217.05
B.18/9.1.5
Ms autogr. 4 p. (21 x 13)
À ses parents
Trieste 25 7bre (1864)
Chers parents,
Nous avons été retenus à Venise quelques jours de plus que nous ne pensions1: d'abord le grand intérêt qu'offrent ses monuments et ses collections ne nous permit pas de la visiter avec précipitation; puis la malle qui nous était envoyée de Paris n'est arrivée qu'au dernier moment, parce qu'elle a passé par l'Allemagne. Enfin Venise était une introduction au voyage d'Orient proprement dit: son église de saint Marc est presque toute bâtie de débris apportés de Constantinople et de Jérusalem. C'est de Venise qu'on a dit que c'est comme une cité byzantine échouée sur les bords de l'Adriatique.
Nous avons tourné la mer en suivant la base des Alpes, au milieu de ces sites grandioses et charmants que l'on ne trouve que là où la mer et les montagnes sont en présence.
Nous voici maintenant à Trieste, ville charmante et gaie, mais point du tout artistique. On ne saurait, dit-on, la mieux comparer qu'à Marseille. Bâtie sur une colline fortifiée, à l'entrée d'une vallée dont les parois sont à la base ornées de villas et dénudées au sommet.
Nous allons d'ici faire une excursion géologique dans la Carniole, aux grottes d'Adelsberg et aux mines d'Idria. Nous commencerons par le bateau de mardi notre tour en Dalmatie, à Pola, à Zara, à Spalato2, et à la fin de la semaine, nous arriverons à Corfù où commence notre voyage de Grèce. Il sera aussi facile que celui d'Italie, sauf que les chevaux remplaceront les chemins de fer. Nous prendrons à Corfù un guide et deux montures et nous irons ainsi d'étapes en étapes, lisant Hérodote et Homère, et nous reportant aux souvenirs de cette nation de héros, de poètes et d'artistes que l'on nous donne comme modèles dès notre enfance.
Nous communiquerons moins facilement qu'ici: vous recevrez mes lettres par des bateaux qui ne partiront que tous les huit ou quinze jours, ne vous inquiétez pas de ces retards. J'ai trouvé ici votre lettre; j'espère en trouver encore une à Corfù. Ecrivez-moi encore à Athènes, quoique je ne sache pas au juste quand nous y serons.
Ma prochaine lettre sera probablement datée de Corfù.
Grâce à la malle que nous avons reçue, nous sommes mieux organisés que nous ne l'étions. Nous avons livres, cartes, pharmacie même et mille petits objets dont le besoin se fait souvent sentir. Notre voyage est bien organisé, et nous avons confiance qu'il réussira.

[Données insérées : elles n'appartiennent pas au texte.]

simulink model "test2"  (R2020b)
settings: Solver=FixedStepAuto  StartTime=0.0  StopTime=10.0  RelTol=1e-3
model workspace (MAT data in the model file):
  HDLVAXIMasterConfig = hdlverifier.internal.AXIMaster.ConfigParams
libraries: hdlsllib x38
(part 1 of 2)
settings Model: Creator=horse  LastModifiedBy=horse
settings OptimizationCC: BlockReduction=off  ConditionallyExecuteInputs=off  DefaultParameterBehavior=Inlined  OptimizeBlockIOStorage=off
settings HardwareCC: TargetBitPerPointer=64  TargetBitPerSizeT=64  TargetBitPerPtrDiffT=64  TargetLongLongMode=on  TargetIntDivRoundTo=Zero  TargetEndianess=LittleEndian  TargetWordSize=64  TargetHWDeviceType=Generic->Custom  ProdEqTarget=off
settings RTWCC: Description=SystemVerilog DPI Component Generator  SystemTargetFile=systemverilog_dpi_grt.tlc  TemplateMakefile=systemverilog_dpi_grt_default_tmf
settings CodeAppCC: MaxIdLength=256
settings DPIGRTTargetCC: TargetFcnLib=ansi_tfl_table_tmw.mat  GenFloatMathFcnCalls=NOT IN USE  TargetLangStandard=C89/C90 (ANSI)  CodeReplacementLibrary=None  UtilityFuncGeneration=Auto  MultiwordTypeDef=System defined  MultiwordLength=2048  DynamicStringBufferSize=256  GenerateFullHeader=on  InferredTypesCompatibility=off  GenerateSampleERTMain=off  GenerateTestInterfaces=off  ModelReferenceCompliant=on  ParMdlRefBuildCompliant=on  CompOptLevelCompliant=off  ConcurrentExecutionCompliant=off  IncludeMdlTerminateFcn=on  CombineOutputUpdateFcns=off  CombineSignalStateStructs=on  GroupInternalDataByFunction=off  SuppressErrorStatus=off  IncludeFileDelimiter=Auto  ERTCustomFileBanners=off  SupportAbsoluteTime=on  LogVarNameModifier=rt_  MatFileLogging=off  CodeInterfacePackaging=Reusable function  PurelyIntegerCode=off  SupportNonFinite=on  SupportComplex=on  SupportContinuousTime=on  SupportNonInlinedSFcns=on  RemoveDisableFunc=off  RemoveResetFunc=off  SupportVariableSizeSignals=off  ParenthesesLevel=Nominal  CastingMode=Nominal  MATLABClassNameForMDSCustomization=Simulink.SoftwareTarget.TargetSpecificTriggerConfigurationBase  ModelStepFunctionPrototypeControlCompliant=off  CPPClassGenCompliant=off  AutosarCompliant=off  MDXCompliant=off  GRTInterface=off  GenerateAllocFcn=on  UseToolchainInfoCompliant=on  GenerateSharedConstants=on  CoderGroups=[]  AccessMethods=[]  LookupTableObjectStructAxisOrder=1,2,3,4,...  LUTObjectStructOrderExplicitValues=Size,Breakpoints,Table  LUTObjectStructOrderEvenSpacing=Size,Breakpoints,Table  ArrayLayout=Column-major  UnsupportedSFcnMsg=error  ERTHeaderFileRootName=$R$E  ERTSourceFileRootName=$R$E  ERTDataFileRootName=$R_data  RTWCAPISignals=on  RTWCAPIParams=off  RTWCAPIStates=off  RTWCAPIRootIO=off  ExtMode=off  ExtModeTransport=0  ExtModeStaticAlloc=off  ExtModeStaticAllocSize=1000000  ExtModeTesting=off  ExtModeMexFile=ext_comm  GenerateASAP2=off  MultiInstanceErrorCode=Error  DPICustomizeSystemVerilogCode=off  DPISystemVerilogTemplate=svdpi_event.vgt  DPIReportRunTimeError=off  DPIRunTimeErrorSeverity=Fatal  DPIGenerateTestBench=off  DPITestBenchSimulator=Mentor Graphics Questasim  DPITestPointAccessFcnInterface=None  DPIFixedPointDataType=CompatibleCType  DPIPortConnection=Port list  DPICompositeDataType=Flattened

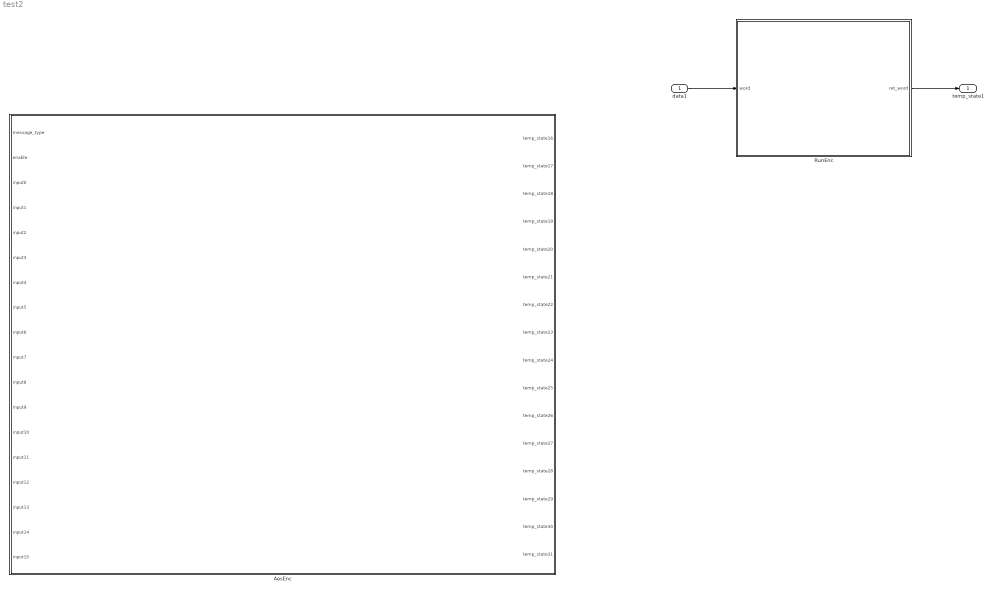
== system test2 ==
  data1 : Inport  OutDataTypeStr=uint32
  AesEnc : Subsystem
  RunEnc : MATLAB Function  TreatAsAtomicUnit=on
  temp_state1 : Outport  OutDataTypeStr=uint32  VectorParamsAs1DForOutWhenUnconnected=off
  wires:
  data1/1 -> RunEnc/1(word)
  RunEnc/1(ret_word) -> temp_state1/1

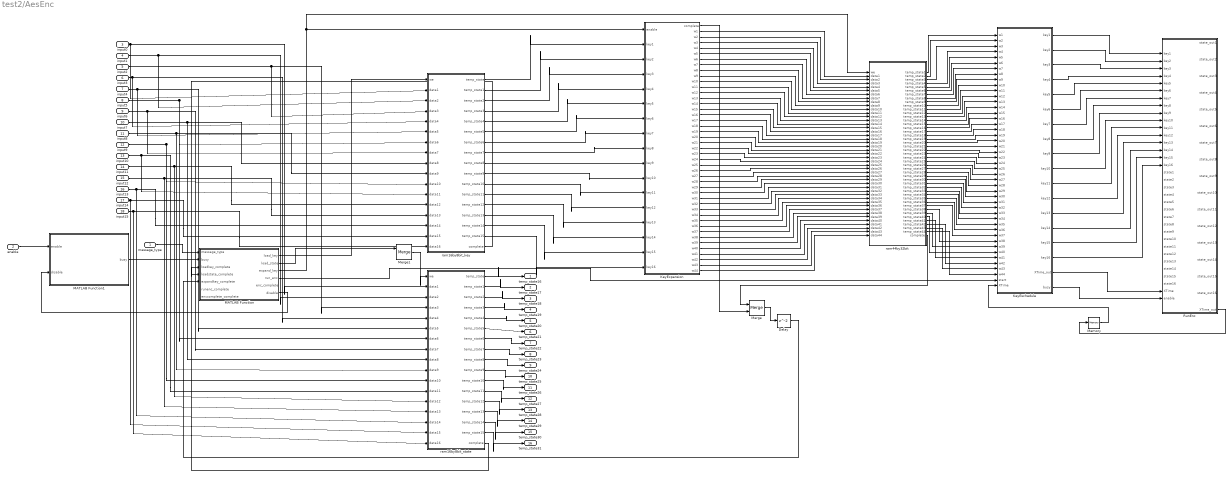
== system test2/AesEnc ==
  message_type : Inport  OutDataTypeStr=uint8
  enable : Inport  Port=2  OutDataTypeStr=boolean
  input0 : Inport  Port=3  OutDataTypeStr=uint8
  input1 : Inport  Port=4  OutDataTypeStr=uint8
  input2 : Inport  Port=5  OutDataTypeStr=uint8
  input3 : Inport  Port=6  OutDataTypeStr=uint8
  input4 : Inport  Port=7  OutDataTypeStr=uint8
  input5 : Inport  Port=8  OutDataTypeStr=uint8
  input6 : Inport  Port=9  OutDataTypeStr=uint8
  input7 : Inport  Port=10  OutDataTypeStr=uint8
  input8 : Inport  Port=11  OutDataTypeStr=uint8
  input9 : Inport  Port=12  OutDataTypeStr=uint8
  input10 : Inport  Port=13  OutDataTypeStr=uint8
  input11 : Inport  Port=14  OutDataTypeStr=uint8
  input12 : Inport  Port=15  OutDataTypeStr=uint8
  input13 : Inport  Port=16  OutDataTypeStr=uint8
  input14 : Inport  Port=17  OutDataTypeStr=uint8
  input15 : Inport  Port=18  OutDataTypeStr=uint8
  Delay : Delay  InitialCondition=0
  KeyEschedule : MATLAB Function  TreatAsAtomicUnit=on
  KeyExpansion : MATLAB Function  TreatAsAtomicUnit=on
  MATLAB Function : MATLAB Function  TreatAsAtomicUnit=on
  MATLAB Function1 : MATLAB Function  TreatAsAtomicUnit=on
  Memory : Memory  InheritSampleTime=on  LinearizeAsDelay=on
  Merge : Merge
  Merge1 : Merge
  RunEnc : MATLAB Function  TreatAsAtomicUnit=on
  ram16by8bit_key : Subsystem  TreatAsAtomicUnit=on
  ram16by8bit_state : Subsystem  TreatAsAtomicUnit=on
  ram44by32bit : Subsystem
  temp_state16 : Outport  OutDataTypeStr=uint8  VectorParamsAs1DForOutWhenUnconnected=off
  temp_state17 : Outport  Port=2  OutDataTypeStr=uint8  VectorParamsAs1DForOutWhenUnconnected=off
  temp_state18 : Outport  Port=3  OutDataTypeStr=uint8  VectorParamsAs1DForOutWhenUnconnected=off
  temp_state19 : Outport  Port=4  OutDataTypeStr=uint8  VectorParamsAs1DForOutWhenUnconnected=off
  temp_state20 : Outport  Port=5  OutDataTypeStr=uint8  VectorParamsAs1DForOutWhenUnconnected=off
  temp_state21 : Outport  Port=6  OutDataTypeStr=uint8  VectorParamsAs1DForOutWhenUnconnected=off
  temp_state22 : Outport  Port=7  OutDataTypeStr=uint8  VectorParamsAs1DForOutWhenUnconnected=off
  temp_state23 : Outport  Port=8  OutDataTypeStr=uint8  VectorParamsAs1DForOutWhenUnconnected=off
  temp_state24 : Outport  Port=9  OutDataTypeStr=uint8  VectorParamsAs1DForOutWhenUnconnected=off
  temp_state25 : Outport  Port=10  OutDataTypeStr=uint8  VectorParamsAs1DForOutWhenUnconnected=off
  temp_state26 : Outport  Port=11  OutDataTypeStr=uint8  VectorParamsAs1DForOutWhenUnconnected=off
  temp_state27 : Outport  Port=12  OutDataTypeStr=uint8  VectorParamsAs1DForOutWhenUnconnected=off
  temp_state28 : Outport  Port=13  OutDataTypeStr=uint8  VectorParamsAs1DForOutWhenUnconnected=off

Voici la rédaction que vous pourrez mettre en tête du reçu que je vous ai laissé, pour l'envoyer au notaire qui vous fera parvenir l'argent, le 10 octobre, après avoir fait légaliser ma signature par le maire.
Je soussigné Léon Dehon, avocat docteur en droit, demeurant à La Capelle, Aisne, reconnais avoir reçu de Monsieur Gabriel Guyonnet, docteur en médecine, demeurant à La Mothe-Saint- Héraye, près de Saint-Maixent, Deux-Sèvres, par l'entremise de M. Ernest Lévesque, notaire audit Saint-Maixent, la somme de vingt quatre mille francs, dont quatre mille pour l'intérêt et le reste à valoir sur la somme due par M. Guyonnet à M. Léon Palustre, avocat à Paris; et ce en vertu de la procuration notariée que j'ai reçue à cet effet de M. Palustre, le six août dernier, et qui se trouve déposée entre les mains de M. Ernest Lévesque sus-nommé,.
Il me reste à peine assez de place pour vous embrasser ainsi que maman Dehon, Laure et Henri.
Votre dévoué fils
L. Dehon
1 Arrivés à Venise le 13 au soir, ils en sont repartis le 23 à 11 h. Du 14 au 20. visite détaillée de la ville (églises, Lido, excursion aux îles de Murano et Torcello, une journée pour le musée, deux jours pour Saint-Marc, l'île Saint-Georges et le Palais des Doges, excursion à Padoue, le 22). En VO 119 pages de notes; en NHV II, 94-104.
2 Aujourd'hui Pula, Zadar, Split (Yougoslavie).
3 Tout ou partie de la contribution de L. Palustre aux frais du voyage.